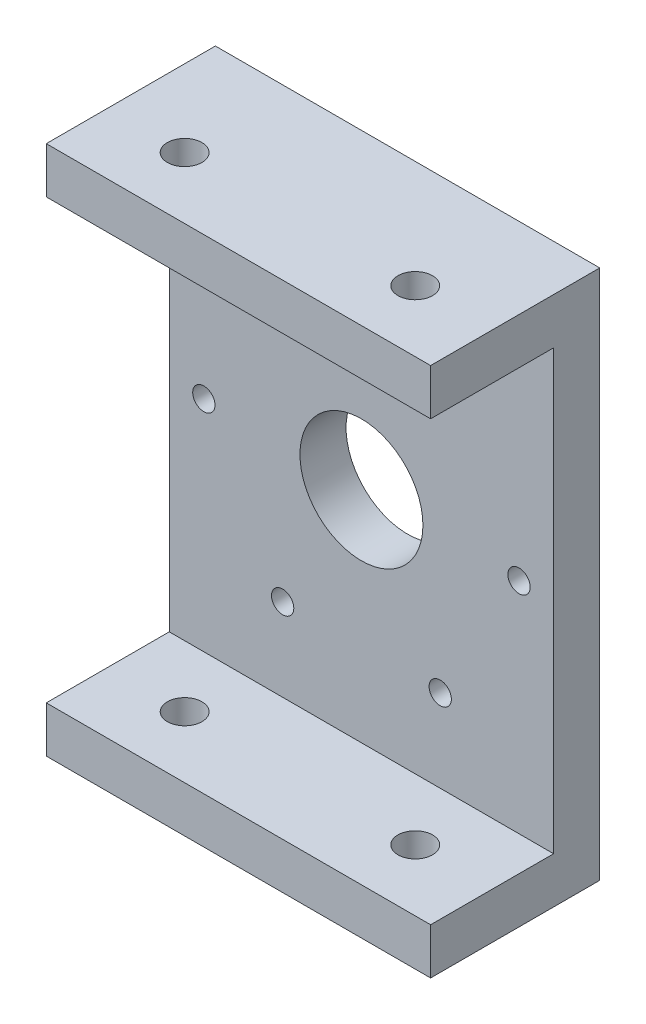
ISO-10303-21;
HEADER;
FILE_DESCRIPTION(('STEP AP214'),'2;1');
FILE_NAME('part.step','',(''),(''),'','','');
FILE_SCHEMA(('AUTOMOTIVE_DESIGN { 1 0 10303 214 1 1 1 1 }'));
ENDSEC;
DATA;
#1=APPLICATION_CONTEXT('core data for automotive mechanical design processes');
#2=APPLICATION_PROTOCOL_DEFINITION('international standard','automotive_design',2000,#1);
#3=PRODUCT_CONTEXT('',#1,'mechanical');
#4=PRODUCT('Part','Part','',(#3));
#5=PRODUCT_RELATED_PRODUCT_CATEGORY('part','',(#4));
#6=PRODUCT_DEFINITION_FORMATION('','',#4);
#7=PRODUCT_DEFINITION_CONTEXT('part definition',#1,'design');
#8=PRODUCT_DEFINITION('design','',#6,#7);
#9=PRODUCT_DEFINITION_SHAPE('','',#8);
#10=(LENGTH_UNIT() NAMED_UNIT(*) SI_UNIT(.MILLI.,.METRE.));
#11=(NAMED_UNIT(*) PLANE_ANGLE_UNIT() SI_UNIT($,.RADIAN.));
#12=(NAMED_UNIT(*) SI_UNIT($,.STERADIAN.) SOLID_ANGLE_UNIT());
#13=UNCERTAINTY_MEASURE_WITH_UNIT(LENGTH_MEASURE(1.E-05),#10,'distance_accuracy_value','');
#14=(GEOMETRIC_REPRESENTATION_CONTEXT(3) GLOBAL_UNCERTAINTY_ASSIGNED_CONTEXT((#13)) GLOBAL_UNIT_ASSIGNED_CONTEXT((#10,
#11,#12)) REPRESENTATION_CONTEXT('',''));
#15=CARTESIAN_POINT('',(0.,0.,0.));
#16=DIRECTION('',(0.,0.,1.));
#17=DIRECTION('',(1.,0.,0.));
#18=AXIS2_PLACEMENT_3D('',#15,#16,#17);
#19=CARTESIAN_POINT('',(0.,0.,526.));
#20=DIRECTION('',(0.,0.,-1.));
#21=DIRECTION('',(-1.,0.,0.));
#22=AXIS2_PLACEMENT_3D('',#19,#20,#21);
#23=PLANE('',#22);
#24=CARTESIAN_POINT('',(20.5,0.,526.));
#25=DIRECTION('',(0.,0.,1.));
#26=DIRECTION('',(1.,0.,0.));
#27=AXIS2_PLACEMENT_3D('',#24,#25,#26);
#28=CIRCLE('',#27,1.45);
#29=CARTESIAN_POINT('',(21.95,0.,526.));
#30=VERTEX_POINT('',#29);
#31=EDGE_CURVE('E180',#30,#30,#28,.T.);
#32=ORIENTED_EDGE('',*,*,#31,.F.);
#33=EDGE_LOOP('',(#32));
#34=FACE_BOUND('',#33,.T.);
#35=CARTESIAN_POINT('',(10.25,-17.753520777581,526.));
#36=DIRECTION('',(0.,0.,1.));
#37=DIRECTION('',(1.,0.,0.));
#38=AXIS2_PLACEMENT_3D('',#35,#36,#37);
#39=CIRCLE('',#38,1.45);
#40=CARTESIAN_POINT('',(11.7,-17.753520777581,526.));
#41=VERTEX_POINT('',#40);
#42=EDGE_CURVE('E151',#41,#41,#39,.T.);
#43=ORIENTED_EDGE('',*,*,#42,.F.);
#44=EDGE_LOOP('',(#43));
#45=FACE_BOUND('',#44,.T.);
#46=CARTESIAN_POINT('',(-10.25,-17.753520777581,526.));
#47=DIRECTION('',(0.,0.,1.));
#48=DIRECTION('',(1.,0.,0.));
#49=AXIS2_PLACEMENT_3D('',#46,#47,#48);
#50=CIRCLE('',#49,1.45);
#51=CARTESIAN_POINT('',(-8.80000000000001,-17.753520777581,526.));
#52=VERTEX_POINT('',#51);
#53=EDGE_CURVE('E193',#52,#52,#50,.T.);
#54=ORIENTED_EDGE('',*,*,#53,.F.);
#55=EDGE_LOOP('',(#54));
#56=FACE_BOUND('',#55,.T.);
#57=CARTESIAN_POINT('',(-20.5,0.,526.));
#58=DIRECTION('',(0.,0.,1.));
#59=DIRECTION('',(1.,0.,0.));
#60=AXIS2_PLACEMENT_3D('',#57,#58,#59);
#61=CIRCLE('',#60,1.45);
#62=CARTESIAN_POINT('',(-19.05,0.,526.));
#63=VERTEX_POINT('',#62);
#64=EDGE_CURVE('E212',#63,#63,#61,.T.);
#65=ORIENTED_EDGE('',*,*,#64,.F.);
#66=EDGE_LOOP('',(#65));
#67=FACE_BOUND('',#66,.T.);
#68=CARTESIAN_POINT('',(-10.25,17.753520777581,526.));
#69=DIRECTION('',(0.,0.,1.));
#70=DIRECTION('',(1.,0.,0.));
#71=AXIS2_PLACEMENT_3D('',#68,#69,#70);
#72=CIRCLE('',#71,1.45);
#73=CARTESIAN_POINT('',(-8.8,17.753520777581,526.));
#74=VERTEX_POINT('',#73);
#75=EDGE_CURVE('E206',#74,#74,#72,.T.);
#76=ORIENTED_EDGE('',*,*,#75,.F.);
#77=EDGE_LOOP('',(#76));
#78=FACE_BOUND('',#77,.T.);
#79=CARTESIAN_POINT('',(10.25,17.753520777581,526.));
#80=DIRECTION('',(0.,0.,1.));
#81=DIRECTION('',(1.,0.,0.));
#82=AXIS2_PLACEMENT_3D('',#79,#80,#81);
#83=CIRCLE('',#82,1.45);
#84=CARTESIAN_POINT('',(11.7,17.753520777581,526.));
#85=VERTEX_POINT('',#84);
#86=EDGE_CURVE('E196',#85,#85,#83,.T.);
#87=ORIENTED_EDGE('',*,*,#86,.F.);
#88=EDGE_LOOP('',(#87));
#89=FACE_BOUND('',#88,.T.);
#90=CARTESIAN_POINT('',(0.,0.,526.));
#91=DIRECTION('',(0.,0.,1.));
#92=DIRECTION('',(1.,0.,0.));
#93=AXIS2_PLACEMENT_3D('',#90,#91,#92);
#94=CIRCLE('',#93,8.);
#95=CARTESIAN_POINT('',(8.,0.,526.));
#96=VERTEX_POINT('',#95);
#97=EDGE_CURVE('E223',#96,#96,#94,.T.);
#98=ORIENTED_EDGE('',*,*,#97,.F.);
#99=EDGE_LOOP('',(#98));
#100=FACE_BOUND('',#99,.T.);
#101=DIRECTION('',(1.,0.,0.));
#102=VECTOR('',#101,1.);
#103=CARTESIAN_POINT('',(-25.,28.5,526.));
#104=LINE('',#103,#102);
#105=CARTESIAN_POINT('',(-25.,28.5,526.));
#106=VERTEX_POINT('',#105);
#107=CARTESIAN_POINT('',(25.,28.5,526.));
#108=VERTEX_POINT('',#107);
#109=EDGE_CURVE('E63',#106,#108,#104,.T.);
#110=ORIENTED_EDGE('',*,*,#109,.F.);
#111=DIRECTION('',(0.,-1.,0.));
#112=VECTOR('',#111,1.);
#113=CARTESIAN_POINT('',(-25.,-34.5,526.));
#114=LINE('',#113,#112);
#115=CARTESIAN_POINT('',(-25.,-28.5,526.));
#116=VERTEX_POINT('',#115);
#117=EDGE_CURVE('E232',#106,#116,#114,.T.);
#118=ORIENTED_EDGE('',*,*,#117,.T.);
#119=DIRECTION('',(-1.,0.,0.));
#120=VECTOR('',#119,1.);
#121=CARTESIAN_POINT('',(-25.,-28.5,526.));
#122=LINE('',#121,#120);
#123=CARTESIAN_POINT('',(25.,-28.5,526.));
#124=VERTEX_POINT('',#123);
#125=EDGE_CURVE('E68',#124,#116,#122,.T.);
#126=ORIENTED_EDGE('',*,*,#125,.F.);
#127=DIRECTION('',(0.,1.,0.));
#128=VECTOR('',#127,1.);
#129=CARTESIAN_POINT('',(25.,-34.5,526.));
#130=LINE('',#129,#128);
#131=EDGE_CURVE('E235',#124,#108,#130,.T.);
#132=ORIENTED_EDGE('',*,*,#131,.T.);
#133=EDGE_LOOP('',(#110,#118,#126,#132));
#134=FACE_BOUND('',#133,.T.);
#135=ADVANCED_FACE('F43',(#34,#45,#56,#67,#78,#89,#100,#134),#23,.F.);
#136=CARTESIAN_POINT('',(25.,-34.5,526.));
#137=DIRECTION('',(-1.,0.,0.));
#138=DIRECTION('',(0.,0.,1.));
#139=AXIS2_PLACEMENT_3D('',#136,#137,#138);
#140=PLANE('',#139);
#141=DIRECTION('',(0.,1.,0.));
#142=VECTOR('',#141,1.);
#143=CARTESIAN_POINT('',(25.,-34.5,520.));
#144=LINE('',#143,#142);
#145=CARTESIAN_POINT('',(25.,-34.5,520.));
#146=VERTEX_POINT('',#145);
#147=CARTESIAN_POINT('',(25.,34.5,520.));
#148=VERTEX_POINT('',#147);
#149=EDGE_CURVE('E118',#146,#148,#144,.T.);
#150=ORIENTED_EDGE('',*,*,#149,.T.);
#151=DIRECTION('',(0.,0.,-1.));
#152=VECTOR('',#151,1.);
#153=CARTESIAN_POINT('',(25.,34.5,526.));
#154=LINE('',#153,#152);
#155=CARTESIAN_POINT('',(25.,34.5,542.));
#156=VERTEX_POINT('',#155);
#157=EDGE_CURVE('E11',#156,#148,#154,.T.);
#158=ORIENTED_EDGE('',*,*,#157,.F.);
#159=DIRECTION('',(0.,1.,0.));
#160=VECTOR('',#159,1.);
#161=CARTESIAN_POINT('',(25.,28.5,542.));
#162=LINE('',#161,#160);
#163=CARTESIAN_POINT('',(25.,28.5,542.));
#164=VERTEX_POINT('',#163);
#165=EDGE_CURVE('E114',#164,#156,#162,.T.);
#166=ORIENTED_EDGE('',*,*,#165,.F.);
#167=DIRECTION('',(0.,0.,-1.));
#168=VECTOR('',#167,1.);
#169=CARTESIAN_POINT('',(25.,28.5,542.));
#170=LINE('',#169,#168);
#171=EDGE_CURVE('E141',#164,#108,#170,.T.);
#172=ORIENTED_EDGE('',*,*,#171,.T.);
#173=ORIENTED_EDGE('',*,*,#131,.F.);
#174=DIRECTION('',(0.,0.,-1.));
#175=VECTOR('',#174,1.);
#176=CARTESIAN_POINT('',(25.,-28.5,542.));
#177=LINE('',#176,#175);
#178=CARTESIAN_POINT('',(25.,-28.5,542.));
#179=VERTEX_POINT('',#178);
#180=EDGE_CURVE('E155',#179,#124,#177,.T.);
#181=ORIENTED_EDGE('',*,*,#180,.F.);
#182=DIRECTION('',(0.,1.,0.));
#183=VECTOR('',#182,1.);
#184=CARTESIAN_POINT('',(25.,-34.5,542.));
#185=LINE('',#184,#183);
#186=CARTESIAN_POINT('',(25.,-34.5,542.));
#187=VERTEX_POINT('',#186);
#188=EDGE_CURVE('E162',#187,#179,#185,.T.);
#189=ORIENTED_EDGE('',*,*,#188,.F.);
#190=DIRECTION('',(0.,0.,-1.));
#191=VECTOR('',#190,1.);
#192=CARTESIAN_POINT('',(25.,-34.5,526.));
#193=LINE('',#192,#191);
#194=EDGE_CURVE('E239',#187,#146,#193,.T.);
#195=ORIENTED_EDGE('',*,*,#194,.T.);
#196=EDGE_LOOP('',(#150,#158,#166,#172,#173,#181,#189,#195));
#197=FACE_BOUND('',#196,.T.);
#198=ADVANCED_FACE('F44',(#197),#140,.F.);
#199=CARTESIAN_POINT('',(-25.,34.5,526.));
#200=DIRECTION('',(0.,-1.,0.));
#201=DIRECTION('',(0.,0.,-1.));
#202=AXIS2_PLACEMENT_3D('',#199,#200,#201);
#203=PLANE('',#202);
#204=CARTESIAN_POINT('',(-15.,34.5,534.));
#205=DIRECTION('',(0.,1.,0.));
#206=DIRECTION('',(0.,0.,1.));
#207=AXIS2_PLACEMENT_3D('',#204,#205,#206);
#208=CIRCLE('',#207,2.25);
#209=CARTESIAN_POINT('',(-15.,34.5,536.25));
#210=VERTEX_POINT('',#209);
#211=EDGE_CURVE('E261',#210,#210,#208,.T.);
#212=ORIENTED_EDGE('',*,*,#211,.F.);
#213=EDGE_LOOP('',(#212));
#214=FACE_BOUND('',#213,.T.);
#215=CARTESIAN_POINT('',(15.,34.5,534.));
#216=DIRECTION('',(0.,1.,0.));
#217=DIRECTION('',(0.,0.,1.));
#218=AXIS2_PLACEMENT_3D('',#215,#216,#217);
#219=CIRCLE('',#218,2.25);
#220=CARTESIAN_POINT('',(15.,34.5,536.25));
#221=VERTEX_POINT('',#220);
#222=EDGE_CURVE('E278',#221,#221,#219,.T.);
#223=ORIENTED_EDGE('',*,*,#222,.F.);
#224=EDGE_LOOP('',(#223));
#225=FACE_BOUND('',#224,.T.);
#226=DIRECTION('',(-1.,0.,0.));
#227=VECTOR('',#226,1.);
#228=CARTESIAN_POINT('',(-25.,34.5,520.));
#229=LINE('',#228,#227);
#230=CARTESIAN_POINT('',(-25.,34.5,520.));
#231=VERTEX_POINT('',#230);
#232=EDGE_CURVE('E244',#148,#231,#229,.T.);
#233=ORIENTED_EDGE('',*,*,#232,.T.);
#234=DIRECTION('',(0.,0.,-1.));
#235=VECTOR('',#234,1.);
#236=CARTESIAN_POINT('',(-25.,34.5,526.));
#237=LINE('',#236,#235);
#238=CARTESIAN_POINT('',(-25.,34.5,542.));
#239=VERTEX_POINT('',#238);
#240=EDGE_CURVE('E52',#239,#231,#237,.T.);
#241=ORIENTED_EDGE('',*,*,#240,.F.);
#242=DIRECTION('',(-1.,0.,0.));
#243=VECTOR('',#242,1.);
#244=CARTESIAN_POINT('',(-25.,34.5,542.));
#245=LINE('',#244,#243);
#246=EDGE_CURVE('E120',#156,#239,#245,.T.);
#247=ORIENTED_EDGE('',*,*,#246,.F.);
#248=ORIENTED_EDGE('',*,*,#157,.T.);
#249=EDGE_LOOP('',(#233,#241,#247,#248));
#250=FACE_BOUND('',#249,.T.);
#251=ADVANCED_FACE('F116',(#214,#225,#250),#203,.F.);
#252=CARTESIAN_POINT('',(-25.,-34.5,526.));
#253=DIRECTION('',(1.,0.,0.));
#254=DIRECTION('',(0.,0.,-1.));
#255=AXIS2_PLACEMENT_3D('',#252,#253,#254);
#256=PLANE('',#255);
#257=DIRECTION('',(0.,-1.,0.));
#258=VECTOR('',#257,1.);
#259=CARTESIAN_POINT('',(-25.,-34.5,520.));
#260=LINE('',#259,#258);
#261=CARTESIAN_POINT('',(-25.,-34.5,520.));
#262=VERTEX_POINT('',#261);
#263=EDGE_CURVE('E241',#231,#262,#260,.T.);
#264=ORIENTED_EDGE('',*,*,#263,.T.);
#265=DIRECTION('',(0.,0.,-1.));
#266=VECTOR('',#265,1.);
#267=CARTESIAN_POINT('',(-25.,-34.5,526.));
#268=LINE('',#267,#266);
#269=CARTESIAN_POINT('',(-25.,-34.5,542.));
#270=VERTEX_POINT('',#269);
#271=EDGE_CURVE('E252',#270,#262,#268,.T.);
#272=ORIENTED_EDGE('',*,*,#271,.F.);
#273=DIRECTION('',(0.,-1.,0.));
#274=VECTOR('',#273,1.);
#275=CARTESIAN_POINT('',(-25.,-34.5,542.));
#276=LINE('',#275,#274);
#277=CARTESIAN_POINT('',(-25.,-28.5,542.));
#278=VERTEX_POINT('',#277);
#279=EDGE_CURVE('E170',#278,#270,#276,.T.);
#280=ORIENTED_EDGE('',*,*,#279,.F.);
#281=DIRECTION('',(0.,0.,-1.));
#282=VECTOR('',#281,1.);
#283=CARTESIAN_POINT('',(-25.,-28.5,542.));
#284=LINE('',#283,#282);
#285=EDGE_CURVE('E156',#278,#116,#284,.T.);
#286=ORIENTED_EDGE('',*,*,#285,.T.);
#287=ORIENTED_EDGE('',*,*,#117,.F.);
#288=DIRECTION('',(0.,0.,-1.));
#289=VECTOR('',#288,1.);
#290=CARTESIAN_POINT('',(-25.,28.5,542.));
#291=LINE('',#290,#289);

#####

PROMPT :: Copy the records above exactly, beginning at the line that contains "#83=CIRCLE('',#82,1.45);" and stopping after the line that contains "#92=DIRECTION('',(1.,0.,0.));".

TASK OUTPUT ::
#83=CIRCLE('',#82,1.45);
#84=CARTESIAN_POINT('',(11.7,17.753520777581,526.));
#85=VERTEX_POINT('',#84);
#86=EDGE_CURVE('E196',#85,#85,#83,.T.);
#87=ORIENTED_EDGE('',*,*,#86,.F.);
#88=EDGE_LOOP('',(#87));
#89=FACE_BOUND('',#88,.T.);
#90=CARTESIAN_POINT('',(0.,0.,526.));
#91=DIRECTION('',(0.,0.,1.));
#92=DIRECTION('',(1.,0.,0.));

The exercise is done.